DECLARE var_distance_from_stop INT64;
DECLARE var_today_est_limit TIMESTAMP;
DECLARE var_yesterday_est_limit TIMESTAMP;

SET var_today_est_limit = TIMESTAMP("2024-05-10 04:00:00 UTC");
SET var_yesterday_est_limit = TIMESTAMP("2024-05-09 04:00:00 UTC");
SET var_distance_from_stop = 30;  -- in meters


WITH selected_positions AS (
  SELECT * FROM `miwaitway.prod_miway_data.vehicle_position` WHERE timestamp BETWEEN var_yesterday_est_limit AND var_today_est_limit
)
, vehicles_near_stops AS (
  SELECT
      stop_id,
      stops.stop_name,
      vehicle.vehicle_id AS vehicle_id,
      vehicle.timestamp,
      vehicle.trip_id,
  FROM
      `miwaitway.prod_miway_data.stops` AS stops,
      selected_positions AS vehicle
  WHERE ST_DWithin(
          stops.location_point,
          vehicle.location_point,
          var_distance_from_stop)
) 
, enriched AS (
  SELECT 
      vns.stop_id,
      vns.vehicle_id,
      vns.timestamp as timestamp,
      t.route_id,
      t.direction_id,
      vns.trip_id,
      LEAD(vns.timestamp) OVER (PARTITION BY stop_id, t.route_id, t.direction_id ORDER BY vns.timestamp DESC) as previous_timestamp,
      LEAD(vns.vehicle_id) OVER (PARTITION BY stop_id, t.route_id, t.direction_id ORDER BY vns.timestamp DESC) as previous_vehicle_id,
      LEAD(vns.trip_id) OVER (PARTITION BY stop_id, t.route_id, t.direction_id ORDER BY vns.timestamp DESC) as previous_trip_id,
  FROM vehicles_near_stops AS vns
  JOIN `miwaitway.raw_miway_data.trips` AS t ON vns.trip_id = t.trip_id
)
SELECT stop_id, route_id, ROUND(AVG(TIMESTAMP_DIFF(timestamp, previous_timestamp, SECOND) / 60)) as avg_wait_time
FROM enriched
WHERE vehicle_id != previous_vehicle_id AND trip_id != previous_trip_id
GROUP BY stop_id, route_id

I ran the query and got data that initially looked okay, but the average wait time was too long in some instances. I saw that buses did not arrive for several hours in the middle of the day for some stops. It felt off. Either MiWay data is off, or I am doing something wrong (disclaimer: it was me).

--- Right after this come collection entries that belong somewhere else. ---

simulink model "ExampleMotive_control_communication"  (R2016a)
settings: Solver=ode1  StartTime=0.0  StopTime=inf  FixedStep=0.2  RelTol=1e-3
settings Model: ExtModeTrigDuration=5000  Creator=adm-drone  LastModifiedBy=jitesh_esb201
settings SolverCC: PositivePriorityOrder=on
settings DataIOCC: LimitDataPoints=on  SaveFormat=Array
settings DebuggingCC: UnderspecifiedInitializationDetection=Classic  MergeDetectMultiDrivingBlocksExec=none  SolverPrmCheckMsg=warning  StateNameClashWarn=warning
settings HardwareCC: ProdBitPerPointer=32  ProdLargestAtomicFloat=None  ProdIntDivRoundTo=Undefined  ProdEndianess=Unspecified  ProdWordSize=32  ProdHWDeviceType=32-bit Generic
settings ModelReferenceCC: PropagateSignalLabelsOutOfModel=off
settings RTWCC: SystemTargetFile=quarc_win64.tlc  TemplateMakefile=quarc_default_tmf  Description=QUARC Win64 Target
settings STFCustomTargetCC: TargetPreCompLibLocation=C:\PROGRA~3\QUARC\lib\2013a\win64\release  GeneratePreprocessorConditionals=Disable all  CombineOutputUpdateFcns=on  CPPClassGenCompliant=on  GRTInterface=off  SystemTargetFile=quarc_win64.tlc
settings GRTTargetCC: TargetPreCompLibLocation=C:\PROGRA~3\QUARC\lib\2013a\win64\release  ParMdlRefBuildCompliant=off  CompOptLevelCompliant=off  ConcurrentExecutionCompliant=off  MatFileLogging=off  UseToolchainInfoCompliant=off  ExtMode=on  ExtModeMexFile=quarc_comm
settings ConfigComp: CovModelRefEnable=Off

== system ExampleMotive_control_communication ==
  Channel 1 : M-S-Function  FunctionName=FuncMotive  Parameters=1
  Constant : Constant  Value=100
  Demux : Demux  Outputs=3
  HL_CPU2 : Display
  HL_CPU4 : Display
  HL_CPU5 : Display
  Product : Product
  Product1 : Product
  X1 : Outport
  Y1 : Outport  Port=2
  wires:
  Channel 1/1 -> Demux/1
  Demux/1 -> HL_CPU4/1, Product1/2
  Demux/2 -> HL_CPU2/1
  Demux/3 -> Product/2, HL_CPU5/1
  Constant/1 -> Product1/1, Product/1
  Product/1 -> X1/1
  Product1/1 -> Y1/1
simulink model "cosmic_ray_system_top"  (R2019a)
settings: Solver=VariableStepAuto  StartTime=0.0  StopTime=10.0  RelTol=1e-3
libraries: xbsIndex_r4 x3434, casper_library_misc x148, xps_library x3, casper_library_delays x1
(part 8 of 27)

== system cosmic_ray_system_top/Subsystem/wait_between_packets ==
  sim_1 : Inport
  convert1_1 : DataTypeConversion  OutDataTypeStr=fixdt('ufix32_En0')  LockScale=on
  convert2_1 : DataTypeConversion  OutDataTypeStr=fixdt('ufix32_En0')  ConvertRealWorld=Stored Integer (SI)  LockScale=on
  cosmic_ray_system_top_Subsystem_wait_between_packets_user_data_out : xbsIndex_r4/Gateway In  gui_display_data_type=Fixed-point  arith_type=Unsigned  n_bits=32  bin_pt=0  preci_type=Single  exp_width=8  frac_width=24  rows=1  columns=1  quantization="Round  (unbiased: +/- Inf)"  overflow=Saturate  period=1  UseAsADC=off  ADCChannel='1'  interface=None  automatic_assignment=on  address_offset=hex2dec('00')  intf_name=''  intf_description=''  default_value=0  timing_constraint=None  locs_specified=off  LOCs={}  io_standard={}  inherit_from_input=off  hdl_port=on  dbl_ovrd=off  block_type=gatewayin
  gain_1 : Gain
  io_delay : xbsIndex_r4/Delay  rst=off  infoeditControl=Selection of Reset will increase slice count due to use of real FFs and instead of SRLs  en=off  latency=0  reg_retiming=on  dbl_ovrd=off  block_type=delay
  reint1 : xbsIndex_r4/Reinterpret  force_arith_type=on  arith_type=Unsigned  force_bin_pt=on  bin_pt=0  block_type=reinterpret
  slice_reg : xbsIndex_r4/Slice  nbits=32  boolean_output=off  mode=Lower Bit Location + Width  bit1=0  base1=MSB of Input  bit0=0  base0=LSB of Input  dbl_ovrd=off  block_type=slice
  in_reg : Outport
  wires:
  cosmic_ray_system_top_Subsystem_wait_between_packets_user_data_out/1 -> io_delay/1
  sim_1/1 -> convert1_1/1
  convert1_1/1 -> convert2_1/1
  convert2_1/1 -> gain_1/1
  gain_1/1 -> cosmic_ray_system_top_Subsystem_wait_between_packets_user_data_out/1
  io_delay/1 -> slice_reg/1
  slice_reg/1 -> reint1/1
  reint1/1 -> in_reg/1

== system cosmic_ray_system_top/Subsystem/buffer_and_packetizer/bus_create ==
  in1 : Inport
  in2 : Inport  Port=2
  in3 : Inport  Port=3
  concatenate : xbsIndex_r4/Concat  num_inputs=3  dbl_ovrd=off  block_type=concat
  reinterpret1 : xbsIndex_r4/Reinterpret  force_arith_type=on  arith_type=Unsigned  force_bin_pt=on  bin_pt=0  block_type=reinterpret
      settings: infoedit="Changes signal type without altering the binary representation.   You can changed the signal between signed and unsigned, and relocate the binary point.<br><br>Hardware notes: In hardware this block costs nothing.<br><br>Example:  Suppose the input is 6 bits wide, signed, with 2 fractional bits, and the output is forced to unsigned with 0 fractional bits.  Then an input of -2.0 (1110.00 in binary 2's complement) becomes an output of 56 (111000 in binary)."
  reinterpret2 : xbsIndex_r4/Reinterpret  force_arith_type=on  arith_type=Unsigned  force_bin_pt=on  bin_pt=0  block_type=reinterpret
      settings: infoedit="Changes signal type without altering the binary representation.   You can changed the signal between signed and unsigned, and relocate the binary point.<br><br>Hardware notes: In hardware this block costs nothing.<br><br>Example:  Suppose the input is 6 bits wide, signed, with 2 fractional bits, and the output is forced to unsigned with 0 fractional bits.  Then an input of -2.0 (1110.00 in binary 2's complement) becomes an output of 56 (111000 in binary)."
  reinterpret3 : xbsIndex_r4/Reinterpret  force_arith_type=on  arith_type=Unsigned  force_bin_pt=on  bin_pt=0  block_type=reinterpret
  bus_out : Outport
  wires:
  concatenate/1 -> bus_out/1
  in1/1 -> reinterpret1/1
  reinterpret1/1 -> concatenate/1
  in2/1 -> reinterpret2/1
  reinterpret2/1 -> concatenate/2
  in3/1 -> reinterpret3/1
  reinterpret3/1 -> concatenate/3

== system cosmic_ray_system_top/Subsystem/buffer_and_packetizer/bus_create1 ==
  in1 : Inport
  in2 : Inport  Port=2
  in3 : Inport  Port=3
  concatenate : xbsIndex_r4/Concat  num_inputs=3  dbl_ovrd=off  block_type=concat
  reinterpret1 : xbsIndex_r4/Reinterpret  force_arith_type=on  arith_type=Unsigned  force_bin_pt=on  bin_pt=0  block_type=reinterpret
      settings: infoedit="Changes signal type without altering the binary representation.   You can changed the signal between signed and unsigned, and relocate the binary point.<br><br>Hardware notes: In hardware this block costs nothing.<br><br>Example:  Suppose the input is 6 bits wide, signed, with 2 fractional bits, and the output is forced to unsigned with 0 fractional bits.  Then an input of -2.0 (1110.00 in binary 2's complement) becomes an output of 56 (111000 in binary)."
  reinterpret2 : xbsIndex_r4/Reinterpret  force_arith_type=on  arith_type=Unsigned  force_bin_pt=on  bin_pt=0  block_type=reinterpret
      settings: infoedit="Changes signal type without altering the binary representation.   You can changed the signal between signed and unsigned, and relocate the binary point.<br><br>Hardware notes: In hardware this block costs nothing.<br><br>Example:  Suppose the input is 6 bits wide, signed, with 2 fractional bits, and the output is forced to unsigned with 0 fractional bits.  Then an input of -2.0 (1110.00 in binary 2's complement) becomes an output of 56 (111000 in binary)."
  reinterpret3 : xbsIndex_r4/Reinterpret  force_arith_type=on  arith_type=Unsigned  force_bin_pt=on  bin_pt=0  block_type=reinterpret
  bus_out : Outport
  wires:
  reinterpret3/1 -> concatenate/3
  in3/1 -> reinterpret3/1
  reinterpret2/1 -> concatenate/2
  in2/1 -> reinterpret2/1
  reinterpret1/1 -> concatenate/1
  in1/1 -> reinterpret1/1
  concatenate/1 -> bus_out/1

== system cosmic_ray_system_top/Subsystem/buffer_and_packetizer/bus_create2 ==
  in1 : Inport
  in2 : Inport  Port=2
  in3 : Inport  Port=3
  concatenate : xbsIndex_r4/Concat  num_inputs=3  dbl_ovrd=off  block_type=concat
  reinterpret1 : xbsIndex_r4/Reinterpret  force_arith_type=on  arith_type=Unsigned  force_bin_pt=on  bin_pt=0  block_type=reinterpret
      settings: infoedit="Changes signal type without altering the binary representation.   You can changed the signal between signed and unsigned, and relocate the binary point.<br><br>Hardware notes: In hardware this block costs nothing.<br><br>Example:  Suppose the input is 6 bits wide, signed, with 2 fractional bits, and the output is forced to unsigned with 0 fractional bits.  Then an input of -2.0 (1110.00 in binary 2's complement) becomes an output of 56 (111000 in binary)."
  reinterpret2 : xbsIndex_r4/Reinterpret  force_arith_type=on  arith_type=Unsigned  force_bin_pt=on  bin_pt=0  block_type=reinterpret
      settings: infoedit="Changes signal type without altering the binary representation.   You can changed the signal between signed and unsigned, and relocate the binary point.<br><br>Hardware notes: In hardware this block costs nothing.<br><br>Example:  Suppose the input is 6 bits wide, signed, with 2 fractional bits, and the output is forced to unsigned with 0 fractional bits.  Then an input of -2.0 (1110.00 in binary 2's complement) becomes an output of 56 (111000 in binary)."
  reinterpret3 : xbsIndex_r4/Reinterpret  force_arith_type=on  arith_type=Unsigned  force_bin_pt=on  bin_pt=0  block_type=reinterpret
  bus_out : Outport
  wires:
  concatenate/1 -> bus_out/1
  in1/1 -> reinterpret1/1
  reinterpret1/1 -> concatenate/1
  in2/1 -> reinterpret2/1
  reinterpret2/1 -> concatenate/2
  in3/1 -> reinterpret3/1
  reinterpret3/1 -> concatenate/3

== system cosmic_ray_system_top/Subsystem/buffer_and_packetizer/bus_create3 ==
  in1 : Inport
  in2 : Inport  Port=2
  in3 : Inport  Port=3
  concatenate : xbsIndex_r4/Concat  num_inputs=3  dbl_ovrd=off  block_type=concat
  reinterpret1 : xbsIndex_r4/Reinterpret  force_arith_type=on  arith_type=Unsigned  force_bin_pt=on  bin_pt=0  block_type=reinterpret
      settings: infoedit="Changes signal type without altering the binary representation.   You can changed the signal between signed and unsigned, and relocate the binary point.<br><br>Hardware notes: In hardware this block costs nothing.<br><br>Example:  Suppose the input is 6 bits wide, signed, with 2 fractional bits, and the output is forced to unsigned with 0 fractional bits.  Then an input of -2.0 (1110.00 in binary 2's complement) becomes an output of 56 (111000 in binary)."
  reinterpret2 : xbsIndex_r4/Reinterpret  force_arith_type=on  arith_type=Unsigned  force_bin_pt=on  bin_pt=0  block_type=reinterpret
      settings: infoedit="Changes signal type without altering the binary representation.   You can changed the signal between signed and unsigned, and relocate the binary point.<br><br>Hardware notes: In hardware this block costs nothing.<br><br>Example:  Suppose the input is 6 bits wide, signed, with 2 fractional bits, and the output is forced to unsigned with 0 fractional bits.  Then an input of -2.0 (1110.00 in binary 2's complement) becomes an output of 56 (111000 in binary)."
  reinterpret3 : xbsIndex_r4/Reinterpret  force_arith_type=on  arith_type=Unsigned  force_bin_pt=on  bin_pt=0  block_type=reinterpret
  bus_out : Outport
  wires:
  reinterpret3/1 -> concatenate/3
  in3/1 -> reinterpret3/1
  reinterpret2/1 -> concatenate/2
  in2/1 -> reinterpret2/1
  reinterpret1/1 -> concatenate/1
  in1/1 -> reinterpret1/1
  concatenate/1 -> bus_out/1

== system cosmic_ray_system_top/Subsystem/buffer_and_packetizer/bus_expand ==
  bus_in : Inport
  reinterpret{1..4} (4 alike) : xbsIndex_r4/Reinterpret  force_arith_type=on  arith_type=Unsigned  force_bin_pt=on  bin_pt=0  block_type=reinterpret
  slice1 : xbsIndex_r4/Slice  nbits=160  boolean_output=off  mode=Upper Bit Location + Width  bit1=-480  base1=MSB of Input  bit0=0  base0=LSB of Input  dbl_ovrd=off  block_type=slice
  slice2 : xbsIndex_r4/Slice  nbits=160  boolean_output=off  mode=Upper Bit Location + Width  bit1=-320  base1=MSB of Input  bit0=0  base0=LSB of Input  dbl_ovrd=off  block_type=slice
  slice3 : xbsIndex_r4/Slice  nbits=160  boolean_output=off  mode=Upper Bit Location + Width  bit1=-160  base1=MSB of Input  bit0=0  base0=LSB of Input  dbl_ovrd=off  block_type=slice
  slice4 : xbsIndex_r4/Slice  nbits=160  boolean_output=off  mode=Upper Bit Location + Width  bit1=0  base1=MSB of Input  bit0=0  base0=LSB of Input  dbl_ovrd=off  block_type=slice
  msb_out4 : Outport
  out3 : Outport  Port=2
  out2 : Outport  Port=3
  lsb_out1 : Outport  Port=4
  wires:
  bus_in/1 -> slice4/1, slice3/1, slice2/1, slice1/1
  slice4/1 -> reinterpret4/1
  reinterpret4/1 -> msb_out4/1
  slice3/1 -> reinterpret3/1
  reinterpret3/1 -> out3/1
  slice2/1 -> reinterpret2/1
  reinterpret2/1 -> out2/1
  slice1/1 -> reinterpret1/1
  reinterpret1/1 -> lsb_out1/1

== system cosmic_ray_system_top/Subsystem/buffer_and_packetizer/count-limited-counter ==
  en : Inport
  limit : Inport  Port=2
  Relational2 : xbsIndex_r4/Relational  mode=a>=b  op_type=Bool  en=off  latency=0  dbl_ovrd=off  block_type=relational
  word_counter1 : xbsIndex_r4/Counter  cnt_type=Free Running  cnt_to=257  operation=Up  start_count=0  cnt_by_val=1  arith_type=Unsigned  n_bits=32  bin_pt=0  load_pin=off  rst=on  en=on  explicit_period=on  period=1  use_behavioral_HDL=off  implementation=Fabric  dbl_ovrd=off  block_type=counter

After extensive checking and comparing bus timestamps near stops with the official schedule, I concluded that some data was lost on my side. The query to transform raw to prod data looked fine. I went to check the logs for the vehicle position ingestor from the previous article, and indeed, there were gaps because, for some reason, the ingestor crashed.

This was not a fun experience. In addition to trying to understand if my analysis is correct, I do not want to question if all the data is available. Currently, the vehicle positions ingestor container keeps all 100 batches (around 15-20 minutes of data) in memory. In case of a crash, the data is lost. There are other issues, such as the vehicle_id column being missed sometimes. Overall, the ingestor container should become more reliable.

Conclusion

When I started with this part, I expected to finish it quickly. However, I discovered several important issues that need to be dealt with. Before calculating an average wait time, I wanted to ensure the data would not be lost easily.

In the following article, I will improve vehicle position ingestor reliability. You can find the planned work in this issue. Thank you for your attention.